Também muito bem esteve o meu Presidente do Governo Regional quando afirmou não ser relevante o local da comemoração daquela data.
Assim como, muito bem esteve o meu querido amigo Filipe Cordeiro – Representante nesta cidade da Associação 25 de Abril – democrata convicto e praticante que, apesar de apoiar a sessão solene na A.R., disse não haver condições em Ponta Delgada para a realização nesta cidade de tais comemorações, apesar das mesmas se realizarem nas Portas da Cidade, portanto, ao ar livre.

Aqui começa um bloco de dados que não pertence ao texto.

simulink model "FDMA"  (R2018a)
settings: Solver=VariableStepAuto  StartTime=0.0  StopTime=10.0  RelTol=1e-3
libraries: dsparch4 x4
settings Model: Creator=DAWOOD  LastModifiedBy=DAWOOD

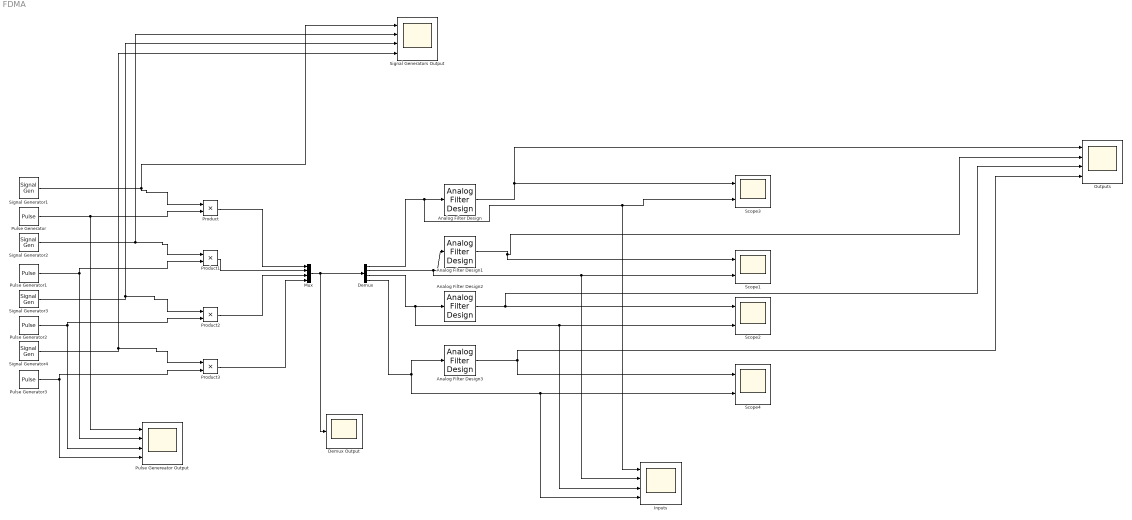
== system FDMA ==
  Analog Filter Design : dsparch4/Analog Filter Design  method=Butterworth  filttype=Lowpass  N=8  Wlo=2*pi  Whi=80  Rp=2  Rs=40
  Analog Filter Design1 : dsparch4/Analog Filter Design  method=Butterworth  filttype=Lowpass  N=8  Wlo=4*pi  Whi=80  Rp=2  Rs=40
  Analog Filter Design2 : dsparch4/Analog Filter Design  method=Butterworth  filttype=Lowpass  N=8  Wlo=6*pi  Whi=80  Rp=2  Rs=40
  Analog Filter Design3 : dsparch4/Analog Filter Design  method=Butterworth  filttype=Lowpass  N=8  Wlo=8*pi  Whi=80  Rp=2  Rs=40
  Demux : Demux
  Demux Output : Scope
  "Inputs " : Scope  NumInputPorts=4
  Mux : Mux
  "Outputs " : Scope  NumInputPorts=4
  Product{,1..3} (4 alike) : Product
  Pulse Generator{,1..3} (4 alike) : DiscretePulseGenerator  PulseType=Time based  Period=0.1  PulseWidth=5  PhaseDelay=0.1
  Pulse Genereator Output : Scope  NumInputPorts=4
  Scope{1..4} (4 alike) : Scope  NumInputPorts=2
  Signal Generator1 : SignalGenerator  Frequency=2*pi  Units=rad/sec
  Signal Generator2 : SignalGenerator  Frequency=4*pi  Units=rad/sec
  Signal Generator3 : SignalGenerator  Frequency=6*pi  Units=rad/sec
  Signal Generator4 : SignalGenerator  Frequency=8*pi  Units=rad/sec
  Signal Generators Output : Scope  NumInputPorts=4
  wires:
  Signal Generator1/1 -> Product/1, Signal Generators Output/1
  Pulse Generator/1 -> Product/2, Pulse Genereator Output/1
  Signal Generator2/1 -> Signal Generators Output/2, Product1/1
  Pulse Generator1/1 -> Product1/2, Pulse Genereator Output/2
  Signal Generator3/1 -> Product2/1, Signal Generators Output/3
  Pulse Generator2/1 -> Product2/2, Pulse Genereator Output/3
  Signal Generator4/1 -> Product3/1, Signal Generators Output/4
  Pulse Generator3/1 -> Product3/2, Pulse Genereator Output/4
  Product/1 -> Mux/1
  Product1/1 -> Mux/2
  Product2/1 -> Mux/3
  Product3/1 -> Mux/4
  Mux/1 -> Demux Output/1, Demux/1
  Demux/1 -> "Inputs "/1, Scope3/2, Analog Filter Design/1
  Demux/2 -> "Inputs "/2, Scope1/2, Analog Filter Design1/1
  Demux/3 -> "Inputs "/3, Scope2/2, Analog Filter Design2/1
  Demux/4 -> "Inputs "/4, Scope4/2, Analog Filter Design3/1
  Analog Filter Design1/1 -> "Outputs "/2, Scope1/1
  Analog Filter Design3/1 -> Scope4/1, "Outputs "/4
  Analog Filter Design/1 -> "Outputs "/1, Scope3/1
  Analog Filter Design2/1 -> "Outputs "/3, Scope2/1

Mesmo assim, o Filipe entendeu que as comemorações este ano seriam feitas pelas redes sociais, nomeadamente pelo Facebook. Isto, para evitar aglomerações em tempo de pandemia e de cercos sanitários nos vários concelhos de S. Miguel.
São duas visões diferentes de agir em democracia a saber:- a do Presidente da Assembleia da República, a democracia do quero posso e mando, da arrogância e menosprezo pela legislação por ele próprio aprovada; enquanto a do meu amigo Filipe Cordeiro, é a da verdadeira democracia respeitadora das leis instituídas. 
Sem mais comentários!

P.S. Texto escrito pela antiga grafia.